2. REPRESENTATIONS AND WARRANTIES OF PACE. The following new Section 3(bb) is
hereby added to the Agreement:
3(bb) JRS Clinical Technologies. Pursuant to a Purchase Agreement dated October
18, 1993 as thereafter amended ("Purchase Agreement") by and between Health Care
Expert Systems ("HCES") and JRS Clinical Technologies, Inc. ("JRS"), HCES (which
subsequently became, and shall hereafter be referred to within this paragraph
as, PACE) acquired certain rights from JRS, including royalty-free rights to
use, modify and license the use of certain JRS "Software" and "Documentation,"
and to use and modify the "Source Code" (as those terms are defined and used in
the Purchase Agreement). The JRS Software, Documentation and Source Code form a
substantial basis of PACE's Clinical Information System ("CIS") product line,
but no more than approximately ten percent (with an estimated range of between
five to fifteen percent) of the source code, executable code and associated
written documentation of PACE's Case Management System ("CMS") product line.
Approximately ninety percent (with an estimated range of between eighty-five to
ninety-five percent) of the source code, executable code and associated
documentation to PACE's CMS product line is original to PACE and, thus, the CMS
product line does not constitute an "update," "enhancement," "addition" or
"modification" (as those terms are used in the Purchase Agreement) to the JRS
Software, Documentation or Source Code. Except with respect to PACE's CIS and
CMS products as set forth above, no part of the JRS Software, Documentation and
Source Code was used to create, and are not included in, any other PACE product
that is part of the Acquired Assets under this Agreement.

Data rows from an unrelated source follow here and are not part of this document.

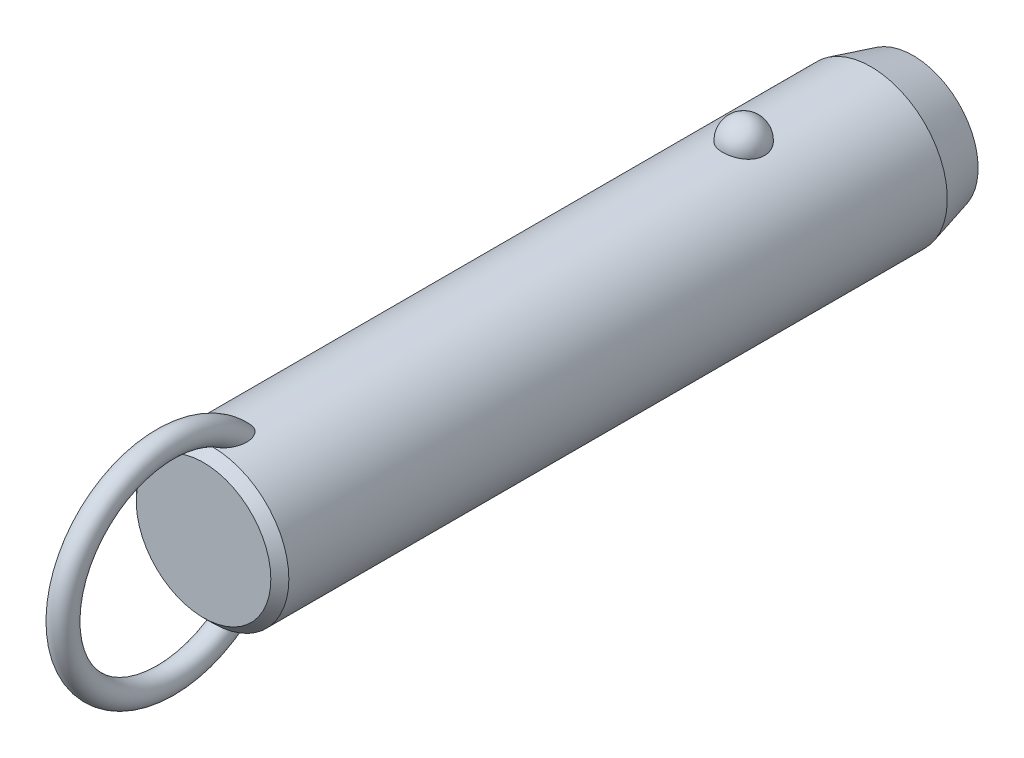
ISO-10303-21;
HEADER;
FILE_DESCRIPTION(('STEP AP214'),'2;1');
FILE_NAME('part.step','',(''),(''),'','','');
FILE_SCHEMA(('AUTOMOTIVE_DESIGN { 1 0 10303 214 1 1 1 1 }'));
ENDSEC;
DATA;
#1=APPLICATION_CONTEXT('core data for automotive mechanical design processes');
#2=APPLICATION_PROTOCOL_DEFINITION('international standard','automotive_design',2000,#1);
#3=PRODUCT_CONTEXT('',#1,'mechanical');
#4=PRODUCT('Part','Part','',(#3));
#5=PRODUCT_RELATED_PRODUCT_CATEGORY('part','',(#4));
#6=PRODUCT_DEFINITION_FORMATION('','',#4);
#7=PRODUCT_DEFINITION_CONTEXT('part definition',#1,'design');
#8=PRODUCT_DEFINITION('design','',#6,#7);
#9=PRODUCT_DEFINITION_SHAPE('','',#8);
#10=(LENGTH_UNIT() NAMED_UNIT(*) SI_UNIT(.MILLI.,.METRE.));
#11=(NAMED_UNIT(*) PLANE_ANGLE_UNIT() SI_UNIT($,.RADIAN.));
#12=(NAMED_UNIT(*) SI_UNIT($,.STERADIAN.) SOLID_ANGLE_UNIT());
#13=UNCERTAINTY_MEASURE_WITH_UNIT(LENGTH_MEASURE(1.E-05),#10,'distance_accuracy_value','');
#14=(GEOMETRIC_REPRESENTATION_CONTEXT(3) GLOBAL_UNCERTAINTY_ASSIGNED_CONTEXT((#13)) GLOBAL_UNIT_ASSIGNED_CONTEXT((#10,
#11,#12)) REPRESENTATION_CONTEXT('',''));
#15=CARTESIAN_POINT('',(0.,0.,0.));
#16=DIRECTION('',(0.,0.,1.));
#17=DIRECTION('',(1.,0.,0.));
#18=AXIS2_PLACEMENT_3D('',#15,#16,#17);
#19=CARTESIAN_POINT('',(0.,0.,73.7));
#20=DIRECTION('',(0.,0.,-1.));
#21=DIRECTION('',(-1.,0.,0.));
#22=AXIS2_PLACEMENT_3D('',#19,#20,#21);
#23=CYLINDRICAL_SURFACE('',#22,12.7);
#24=CARTESIAN_POINT('',(3.46661256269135,12.2177165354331,-3.5));
#25=CARTESIAN_POINT('',(3.4666090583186,12.2177194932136,-3.30432790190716));
#26=CARTESIAN_POINT('',(3.45063567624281,12.2222841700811,-3.10861112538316));
#27=CARTESIAN_POINT('',(3.38712451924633,12.2400345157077,-2.72271899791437));
#28=CARTESIAN_POINT('',(3.33957415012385,12.2532236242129,-2.53254588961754));
#29=CARTESIAN_POINT('',(3.2141234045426,12.286724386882,-2.16324948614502));
#30=CARTESIAN_POINT('',(3.13623639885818,12.3070329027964,-1.98412136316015));
#31=CARTESIAN_POINT('',(2.95205930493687,12.3525018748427,-1.64180592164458));
#32=CARTESIAN_POINT('',(2.84577003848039,12.3776621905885,-1.47861814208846));
#33=CARTESIAN_POINT('',(2.60688050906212,12.4301712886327,-1.17190583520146));
#34=CARTESIAN_POINT('',(2.47415697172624,12.4575299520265,-1.02847897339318));
#35=CARTESIAN_POINT('',(2.18615174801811,12.5112810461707,-0.766177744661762));
#36=CARTESIAN_POINT('',(2.03087002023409,12.5376734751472,-0.64730342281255));
#37=CARTESIAN_POINT('',(1.70237334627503,12.5864761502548,-0.437732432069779));
#38=CARTESIAN_POINT('',(1.52920948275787,12.6088972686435,-0.346958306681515));
#39=CARTESIAN_POINT('',(1.16944170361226,12.6473352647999,-0.195750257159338));
#40=CARTESIAN_POINT('',(0.982839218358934,12.663352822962,-0.135313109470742));
#41=CARTESIAN_POINT('',(0.604961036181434,12.6869706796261,-0.0473241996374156));
#42=CARTESIAN_POINT('',(0.41382314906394,12.6947125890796,-0.0192185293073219));
#43=CARTESIAN_POINT('',(0.0293827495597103,12.7014203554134,0.0051725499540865));
#44=CARTESIAN_POINT('',(-0.163919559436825,12.7003870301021,0.00146092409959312));
#45=CARTESIAN_POINT('',(-0.544374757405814,12.689735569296,-0.0373939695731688));
#46=CARTESIAN_POINT('',(-0.731575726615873,12.6802364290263,-0.0721015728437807));
#47=CARTESIAN_POINT('',(-1.09733277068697,12.6538333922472,-0.171364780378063));
#48=CARTESIAN_POINT('',(-1.27588869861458,12.6369293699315,-0.235920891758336));
#49=CARTESIAN_POINT('',(-1.6204698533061,12.5973946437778,-0.393548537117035));
#50=CARTESIAN_POINT('',(-1.78641865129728,12.5747321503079,-0.486778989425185));
#51=CARTESIAN_POINT('',(-2.10030671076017,12.5261316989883,-0.699110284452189));
#52=CARTESIAN_POINT('',(-2.24824419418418,12.5001934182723,-0.818213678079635));
#53=CARTESIAN_POINT('',(-2.52491489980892,12.4472906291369,-1.08157124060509));
#54=CARTESIAN_POINT('',(-2.65324222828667,12.4203160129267,-1.22624992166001));
#55=CARTESIAN_POINT('',(-2.88410007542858,12.3687509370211,-1.53528325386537));
#56=CARTESIAN_POINT('',(-2.98662883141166,12.3441606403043,-1.69963924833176));
#57=CARTESIAN_POINT('',(-3.16432417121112,12.2998199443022,-2.04548497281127));
#58=CARTESIAN_POINT('',(-3.23917525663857,12.2801261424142,-2.22714424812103));
#59=CARTESIAN_POINT('',(-3.35800573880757,12.248167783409,-2.6009138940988));
#60=CARTESIAN_POINT('',(-3.4019860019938,12.2359030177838,-2.79302397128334));
#61=CARTESIAN_POINT('',(-3.45784812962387,12.2202347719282,-3.18140279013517));
#62=CARTESIAN_POINT('',(-3.46986123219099,12.2167950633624,-3.37765118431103));
#63=CARTESIAN_POINT('',(-3.46186273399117,12.2190638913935,-3.76943689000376));
#64=CARTESIAN_POINT('',(-3.44185196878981,12.2247721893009,-3.96497421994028));
#65=CARTESIAN_POINT('',(-3.37048652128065,12.2446381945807,-4.34881728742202));
#66=CARTESIAN_POINT('',(-3.31928253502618,12.2587552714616,-4.53715319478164));
#67=CARTESIAN_POINT('',(-3.18693461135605,12.2938237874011,-4.90231727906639));
#68=CARTESIAN_POINT('',(-3.1057895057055,12.3147754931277,-5.07914500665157));
#69=CARTESIAN_POINT('',(-2.91506431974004,12.3613125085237,-5.41732059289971));
#70=CARTESIAN_POINT('',(-2.80533587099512,12.3869217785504,-5.57858147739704));
#71=CARTESIAN_POINT('',(-2.560414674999,12.4398525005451,-5.88013283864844));
#72=CARTESIAN_POINT('',(-2.42522099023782,12.4671740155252,-6.02042254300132));
#73=CARTESIAN_POINT('',(-2.1323357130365,12.5205965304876,-6.27662798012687));
#74=CARTESIAN_POINT('',(-1.97456596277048,12.5466928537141,-6.3924554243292));
#75=CARTESIAN_POINT('',(-1.64115839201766,12.5946384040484,-6.59583547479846));
#76=CARTESIAN_POINT('',(-1.46552179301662,12.6164879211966,-6.68339001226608));
#77=CARTESIAN_POINT('',(-1.10356050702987,12.6532533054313,-6.82682153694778));
#78=CARTESIAN_POINT('',(-0.9173913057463,12.6682500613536,-6.8830698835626));
#79=CARTESIAN_POINT('',(-0.537836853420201,12.6900288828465,-6.96386887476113));
#80=CARTESIAN_POINT('',(-0.344452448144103,12.6968119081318,-6.9884232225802));
#81=CARTESIAN_POINT('',(0.0402577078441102,12.7013667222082,-7.00496469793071));
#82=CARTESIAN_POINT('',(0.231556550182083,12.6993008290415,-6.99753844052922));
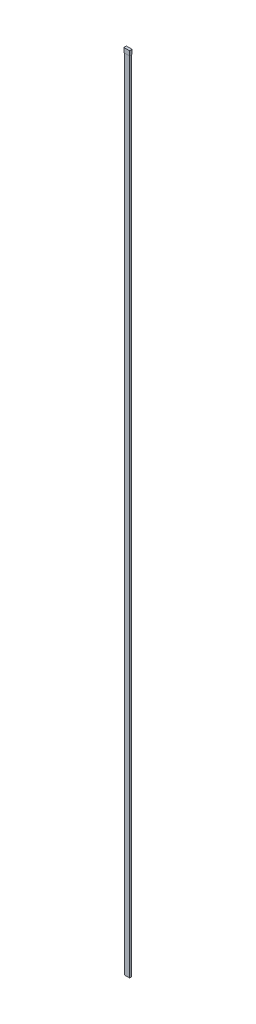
from build123d import *

# Parameters (mm, degrees)
SKETCH2_W           = 12.7
SKETCH2_H           = 1988.887499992
BOSS_EXTRUDE1_DEPTH = 2.38125
SKETCH1_W           = 14.2875
SKETCH1_H           = 11.1125
BOSS_EXTRUDE2_DEPTH = 3.175


with BuildPart() as part:
    # Sketch2 → Boss-Extrude1 (new, symmetric)
    with BuildSketch(Plane.XY):
        with Locations((0, -999.999999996)):
            Rectangle(SKETCH2_W, SKETCH2_H)
    extrude(amount=BOSS_EXTRUDE1_DEPTH, both=True)

    # Sketch1 → Boss-Extrude2 (add, symmetric)
    with BuildSketch(Plane.XY):
        Rectangle(SKETCH1_W, SKETCH1_H)
    extrude(amount=BOSS_EXTRUDE2_DEPTH, both=True)


solid = part.part

Under the Purchase Agreement, JRS, together with JRS's successors in interest
(regardless of whether such succession occurred through the acquisition of JRS's
stock or assets) have no right, title or interest (including, but not limited
to, any patent, copyright, trade secret, right to possession, right to use,
right to a copy, or right to distribute) in or to:
(1) any update, enhancement, addition or modification to the JRS Software,
Documentation or Source Code made by or for PACE after the Delivery Date (as
defined in the Purchase Agreement), except as made by JRS pursuant to the
Purchase Agreement; and
(2) any software (both source code and executable object code), accompanying
documentation, or other matter created by or for (and is original to) PACE.
3. EFFECTIVE DATE. This Amendment shall be effective upon its complete
execution.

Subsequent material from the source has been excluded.